_Exercise goal_
Setting aside any pictures, reproduce the data exactly.

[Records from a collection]

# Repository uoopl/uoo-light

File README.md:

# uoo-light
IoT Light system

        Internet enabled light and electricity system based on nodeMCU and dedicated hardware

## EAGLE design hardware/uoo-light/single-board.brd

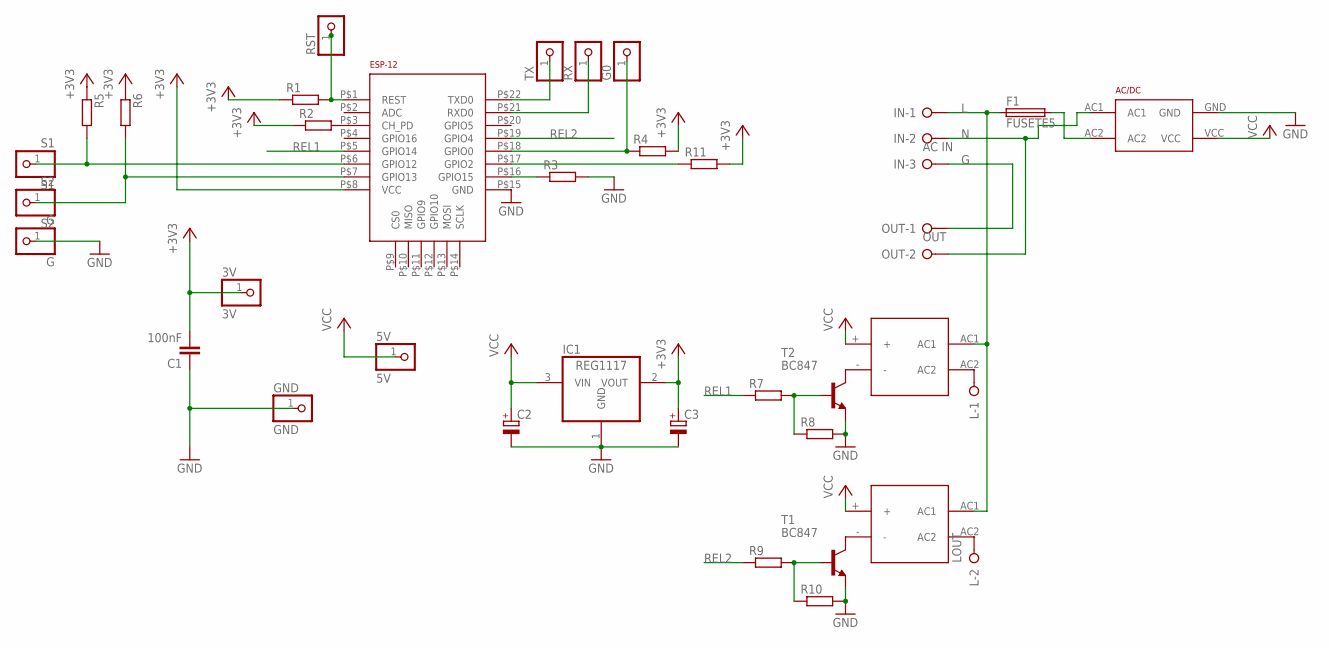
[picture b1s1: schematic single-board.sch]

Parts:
3V: 3V; 1X01
5V: 5V; 1X01
AC/DC: HLK-PM01
C1: 100nF; C0805K
C2, C3: CPOL-EUA/3216-18R; A/3216-18R
ESP-12: ESP-12EESP12E-SMD; ESP12E-SMD
F1: FUSETE5; TE5
G: G; 1X01
G0: PINHD-1X1; 1X01
GND: GND; 1X01
IC1: REG1117; SOT223
IN: AC IN; W237-133
L: LOUT; W237-132
OUT: OUT; W237-132
R1, R2, R3, R4, R5, R6, R7, R8, R9, R10, R11: R-EU_R0805; R0805
RST: PINHD-1X1; 1X01
RX: PINHD-1X1; 1X01
S1: S1; 1X01
S2: S2; 1X01
T1, T2: BC847; SOT23
TX: PINHD-1X1; 1X01
U$2, U$3: G3MB-202P

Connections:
+3V3: 3V.1, C1.2, C3.+, ESP-12.P$8 (VCC), IC1.2 (VOUT), R1.1, R2.1, R4.2, R5.1, R6.1, R11.2
G: IN.3, OUT.1
GND: AC/DC.GND, C1.1, C2.-, C3.-, ESP-12.P$15 (GND), G.1, GND.1, IC1.1 (GND), R3.2, R8.2, R10.2, T1.2 (E), T2.2 (E)
L: F1.1, IN.1, U$2.AC1, U$3.AC1
N: AC/DC.AC1, IN.2, OUT.2
unnamed: ESP-12.P$1 (REST), R1.2, RST.1
unnamed: ESP-12.P$3 (CH_PD), R2.2
unnamed: ESP-12.P$16 (GPIO15), R3.1
unnamed: ESP-12.P$18 (GPIO0), G0.1, R4.1
unnamed: ESP-12.P$22 (TXD0), TX.1
unnamed: ESP-12.P$21 (RXD0), RX.1
unnamed: AC/DC.AC2, F1.2
unnamed: L.2, U$3.AC2
unnamed: L.1, U$2.AC2
unnamed: T2.3 (C), U$2.-
unnamed: T1.3 (C), U$3.-
unnamed: R7.2, R8.1, T2.1 (B)
unnamed: R9.2, R10.1, T1.1 (B)
unnamed: ESP-12.P$17 (GPIO2), R11.1
REL1: ESP-12.P$5 (GPIO14), R7.1
REL2: ESP-12.P$19 (GPIO4), R9.1
SW1: ESP-12.P$6 (GPIO12), R5.2, S1.1
SW2: ESP-12.P$7 (GPIO13), R6.2, S2.1
VCC: 5V.1, AC/DC.VCC, C2.+, IC1.3 (VIN), U$2.+, U$3.+

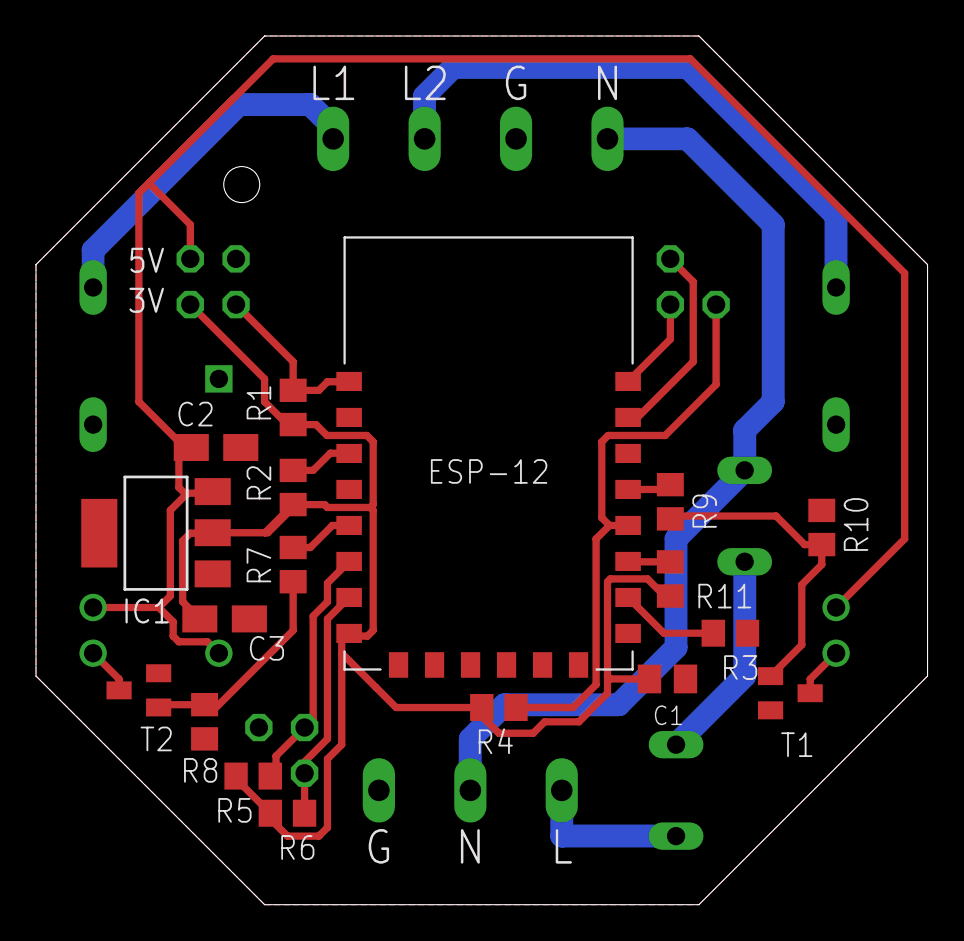
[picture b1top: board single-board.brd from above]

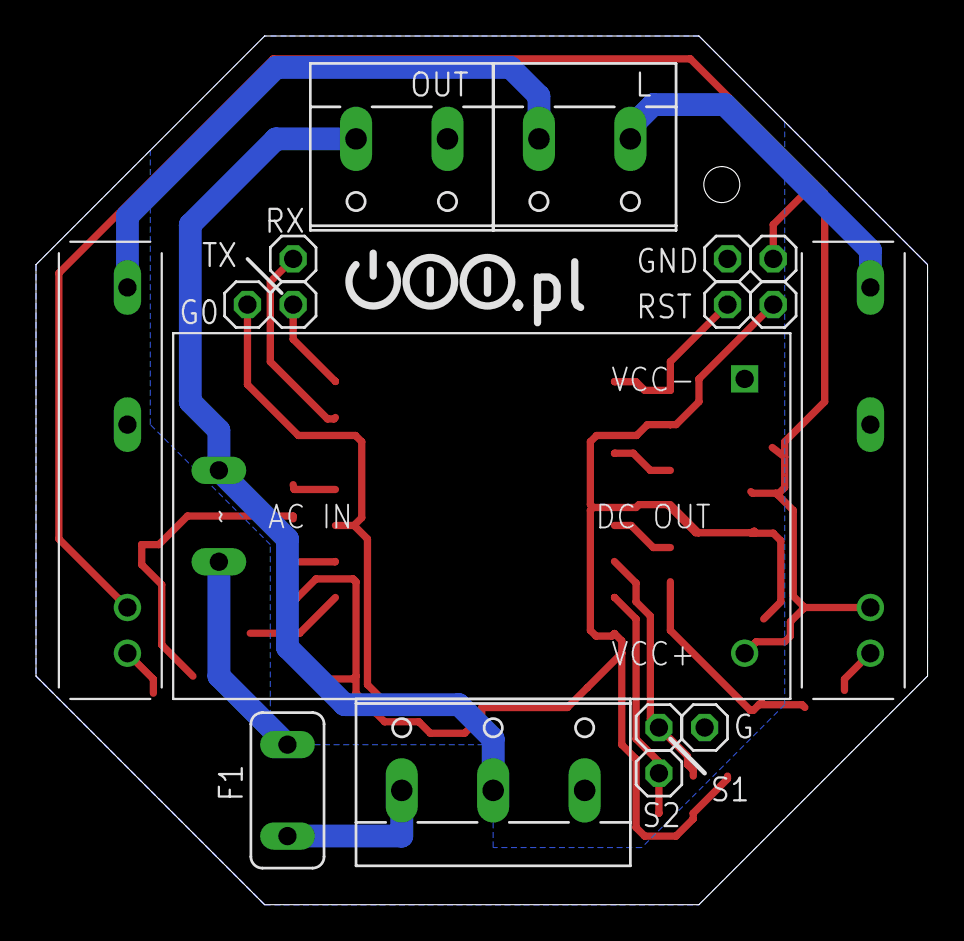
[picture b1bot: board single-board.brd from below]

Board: 2 copper layers, 49.5 x 48.3 mm, 35 parts (17 on the bottom side), 24 nets.

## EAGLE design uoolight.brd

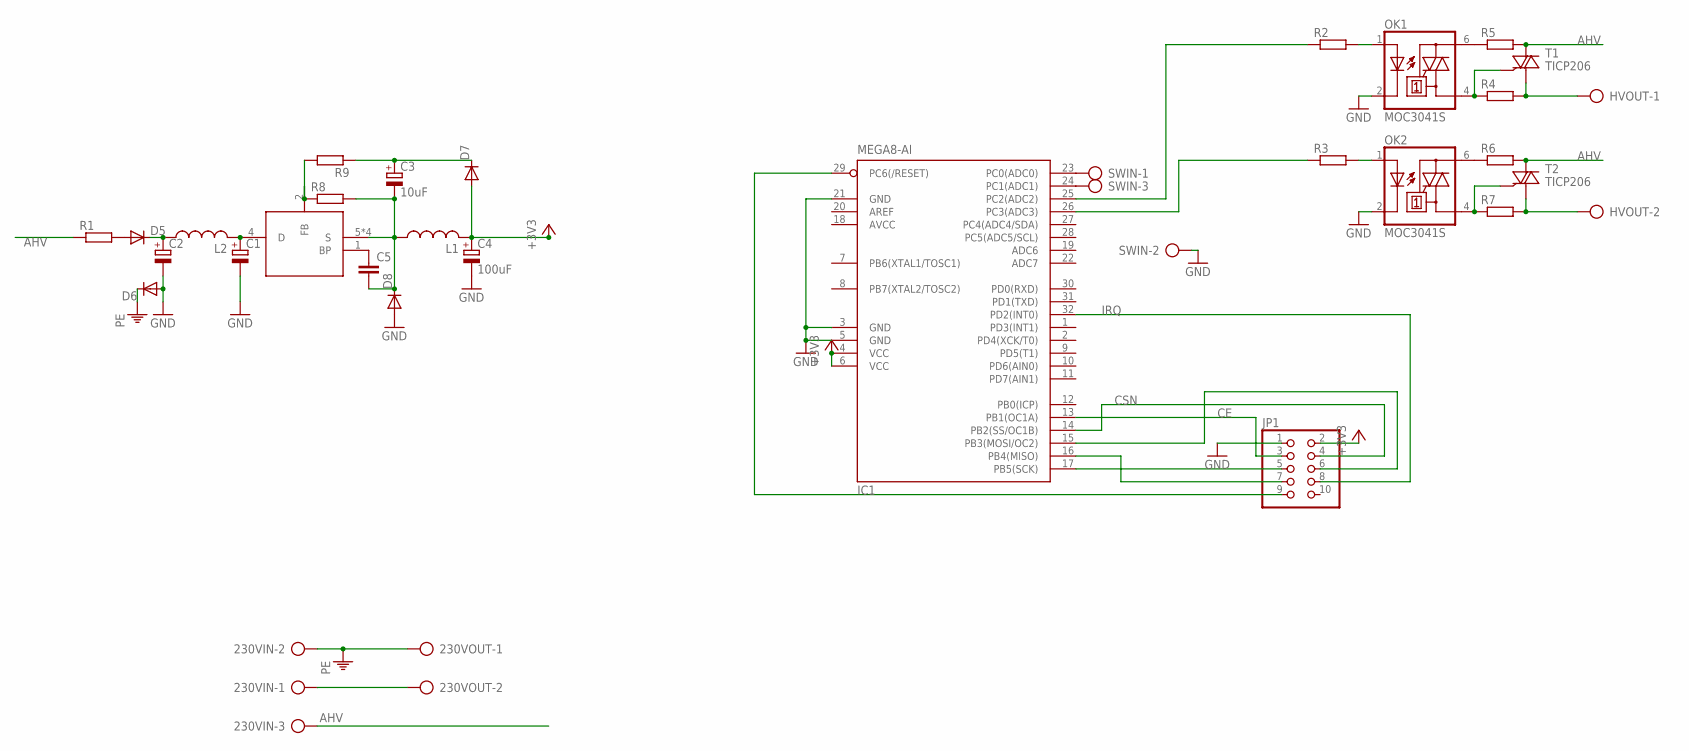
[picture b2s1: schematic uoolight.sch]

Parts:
230VIN: AK500/3
230VOUT: AK500/2
C1, C2: CPOL-EUE5-10.5; E5-10,5
C3: 10uF; 153CLV-0505
C4: 100uF; 153CLV-0605
C5: C-EUC0603K; C0603K
D5, D6, D7: DIODE-SOD323-W; SOD323-W
D8: DIODE-SOD123; SOD123
HVOUT: AK500/2
IC1: MEGA8-AI; TQFP32-08
JP1: PINHD-2X5; 2X05
L1, L2: L-USPIS2816; PIS2816
OK1, OK2: MOC3041S; DIL6-SMD
R1: R-EU_0309/12; 0309/12
R2, R3, R4, R5, R6, R7, R8, R9: R-EU_R0805; R0805
SWIN: AK500/3
T1, T2: TICP206; TO92-6
U$1: LNK304; SO8(SO-8C)

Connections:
+3V3: C4.+, D7.A, IC1.4 (VCC), IC1.6 (VCC), JP1.2, L1.2
AHV: 230VIN.3, R1.1, R5.2, R6.2, T1.A2, T2.A2
AVCC: IC1.18 (AVCC)
CE: IC1.13 (PB1(OC1A)), JP1.3
CSN: IC1.14 (PB2(SS/OC1B)), JP1.4
GND: C1.-, C2.-, C4.-, D6.A, D8.A, IC1.3 (GND), IC1.5 (GND), IC1.21 (GND), JP1.1, OK1.2 (C), OK2.2 (C), SWIN.2
HVG: 230VIN.1, 230VOUT.2
IRQ: IC1.32 (PD2(INT0)), JP1.8
MISO: IC1.16 (PB4(MISO)), JP1.7
MOSI: IC1.15 (PB3(MOSI/OC2)), JP1.6
unnamed: OK1.1 (A), R2.2
unnamed: D5.A, R1.2
unnamed: OK1.4 (A1), R4.1, T1.G
unnamed: HVOUT.1, R4.2, T1.A1
unnamed: OK1.6 (A2), R5.1
unnamed: IC1.23 (PC0(ADC0)), SWIN.1
unnamed: OK2.6 (A2), R6.1
unnamed: IC1.24 (PC1(ADC1)), SWIN.3
unnamed: OK2.4 (A1), R7.1, T2.G
unnamed: IC1.29 (PC6(/RESET)), JP1.9
unnamed: IC1.25 (PC2(ADC2)), R2.1
unnamed: HVOUT.2, R7.2, T2.A1
unnamed: IC1.26 (PC3(ADC3)), R3.1
unnamed: C3.-, C5.2, D8.C, L1.1, R8.2, U$1.5 (S), U$1.6 (S), U$1.7 (S), U$1.8 (S)
unnamed: C1.+, L2.2, U$1.4 (D)
unnamed: R8.1, R9.2, U$1.2 (FB)
unnamed: C2.+, D5.C, L2.1
unnamed: C3.+, D7.C, R9.1
unnamed: C5.1, U$1.1 (BP)
unnamed: OK2.1 (A), R3.2
PE: 230VIN.2, 230VOUT.1, D6.C
SCK: IC1.17 (PB5(SCK)), JP1.5

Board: 2 copper layers, 31 parts (0 on the bottom side), 31 nets, no tracks yet.

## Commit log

2016-02-13 First conception schematics
    First conception schematics and board (and backup files)
2016-04-13 single board hardware
2016-04-21 second version of board. Mirrored elecromagnetic reeds, shorter pads in esp-12, better paths.added mount hole, bigger holes in my elements in library.

_Solved exercise_
# Repository uoopl/uoo-light

File README.md:

# uoo-light
IoT Light system

        Internet enabled light and electricity system based on nodeMCU and dedicated hardware

## EAGLE design hardware/uoo-light/single-board.brd

[picture b1s1: schematic single-board.sch]

Parts:
3V: 3V; 1X01
5V: 5V; 1X01
AC/DC: HLK-PM01
C1: 100nF; C0805K
C2, C3: CPOL-EUA/3216-18R; A/3216-18R
ESP-12: ESP-12EESP12E-SMD; ESP12E-SMD
F1: FUSETE5; TE5
G: G; 1X01
G0: PINHD-1X1; 1X01
GND: GND; 1X01
IC1: REG1117; SOT223
IN: AC IN; W237-133
L: LOUT; W237-132
OUT: OUT; W237-132
R1, R2, R3, R4, R5, R6, R7, R8, R9, R10, R11: R-EU_R0805; R0805
RST: PINHD-1X1; 1X01
RX: PINHD-1X1; 1X01
S1: S1; 1X01
S2: S2; 1X01
T1, T2: BC847; SOT23
TX: PINHD-1X1; 1X01
U$2, U$3: G3MB-202P

Connections:
+3V3: 3V.1, C1.2, C3.+, ESP-12.P$8 (VCC), IC1.2 (VOUT), R1.1, R2.1, R4.2, R5.1, R6.1, R11.2
G: IN.3, OUT.1
GND: AC/DC.GND, C1.1, C2.-, C3.-, ESP-12.P$15 (GND), G.1, GND.1, IC1.1 (GND), R3.2, R8.2, R10.2, T1.2 (E), T2.2 (E)
L: F1.1, IN.1, U$2.AC1, U$3.AC1
N: AC/DC.AC1, IN.2, OUT.2
unnamed: ESP-12.P$1 (REST), R1.2, RST.1
unnamed: ESP-12.P$3 (CH_PD), R2.2
unnamed: ESP-12.P$16 (GPIO15), R3.1
unnamed: ESP-12.P$18 (GPIO0), G0.1, R4.1
unnamed: ESP-12.P$22 (TXD0), TX.1
unnamed: ESP-12.P$21 (RXD0), RX.1
unnamed: AC/DC.AC2, F1.2
unnamed: L.2, U$3.AC2
unnamed: L.1, U$2.AC2
unnamed: T2.3 (C), U$2.-
unnamed: T1.3 (C), U$3.-
unnamed: R7.2, R8.1, T2.1 (B)
unnamed: R9.2, R10.1, T1.1 (B)
unnamed: ESP-12.P$17 (GPIO2), R11.1
REL1: ESP-12.P$5 (GPIO14), R7.1
REL2: ESP-12.P$19 (GPIO4), R9.1
SW1: ESP-12.P$6 (GPIO12), R5.2, S1.1
SW2: ESP-12.P$7 (GPIO13), R6.2, S2.1
VCC: 5V.1, AC/DC.VCC, C2.+, IC1.3 (VIN), U$2.+, U$3.+

[picture b1top: board single-board.brd from above]

[picture b1bot: board single-board.brd from below]

Board: 2 copper layers, 49.5 x 48.3 mm, 35 parts (17 on the bottom side), 24 nets.

## EAGLE design uoolight.brd

[picture b2s1: schematic uoolight.sch]

Parts:
230VIN: AK500/3
230VOUT: AK500/2
C1, C2: CPOL-EUE5-10.5; E5-10,5
C3: 10uF; 153CLV-0505
C4: 100uF; 153CLV-0605
C5: C-EUC0603K; C0603K
D5, D6, D7: DIODE-SOD323-W; SOD323-W
D8: DIODE-SOD123; SOD123
HVOUT: AK500/2
IC1: MEGA8-AI; TQFP32-08
JP1: PINHD-2X5; 2X05
L1, L2: L-USPIS2816; PIS2816
OK1, OK2: MOC3041S; DIL6-SMD
R1: R-EU_0309/12; 0309/12
R2, R3, R4, R5, R6, R7, R8, R9: R-EU_R0805; R0805
SWIN: AK500/3
T1, T2: TICP206; TO92-6
U$1: LNK304; SO8(SO-8C)

Connections:
+3V3: C4.+, D7.A, IC1.4 (VCC), IC1.6 (VCC), JP1.2, L1.2
AHV: 230VIN.3, R1.1, R5.2, R6.2, T1.A2, T2.A2
AVCC: IC1.18 (AVCC)
CE: IC1.13 (PB1(OC1A)), JP1.3
CSN: IC1.14 (PB2(SS/OC1B)), JP1.4
GND: C1.-, C2.-, C4.-, D6.A, D8.A, IC1.3 (GND), IC1.5 (GND), IC1.21 (GND), JP1.1, OK1.2 (C), OK2.2 (C), SWIN.2
HVG: 230VIN.1, 230VOUT.2
IRQ: IC1.32 (PD2(INT0)), JP1.8
MISO: IC1.16 (PB4(MISO)), JP1.7
MOSI: IC1.15 (PB3(MOSI/OC2)), JP1.6
unnamed: OK1.1 (A), R2.2
unnamed: D5.A, R1.2
unnamed: OK1.4 (A1), R4.1, T1.G
unnamed: HVOUT.1, R4.2, T1.A1
unnamed: OK1.6 (A2), R5.1
unnamed: IC1.23 (PC0(ADC0)), SWIN.1
unnamed: OK2.6 (A2), R6.1
unnamed: IC1.24 (PC1(ADC1)), SWIN.3
unnamed: OK2.4 (A1), R7.1, T2.G
unnamed: IC1.29 (PC6(/RESET)), JP1.9
unnamed: IC1.25 (PC2(ADC2)), R2.1
unnamed: HVOUT.2, R7.2, T2.A1
unnamed: IC1.26 (PC3(ADC3)), R3.1
unnamed: C3.-, C5.2, D8.C, L1.1, R8.2, U$1.5 (S), U$1.6 (S), U$1.7 (S), U$1.8 (S)
unnamed: C1.+, L2.2, U$1.4 (D)
unnamed: R8.1, R9.2, U$1.2 (FB)
unnamed: C2.+, D5.C, L2.1
unnamed: C3.+, D7.C, R9.1
unnamed: C5.1, U$1.1 (BP)
unnamed: OK2.1 (A), R3.2
PE: 230VIN.2, 230VOUT.1, D6.C
SCK: IC1.17 (PB5(SCK)), JP1.5

Board: 2 copper layers, 31 parts (0 on the bottom side), 31 nets, no tracks yet.

## Commit log

2016-02-13 First conception schematics
    First conception schematics and board (and backup files)
2016-04-13 single board hardware
2016-04-21 second version of board. Mirrored elecromagnetic reeds, shorter pads in esp-12, better paths.added mount hole, bigger holes in my elements in library.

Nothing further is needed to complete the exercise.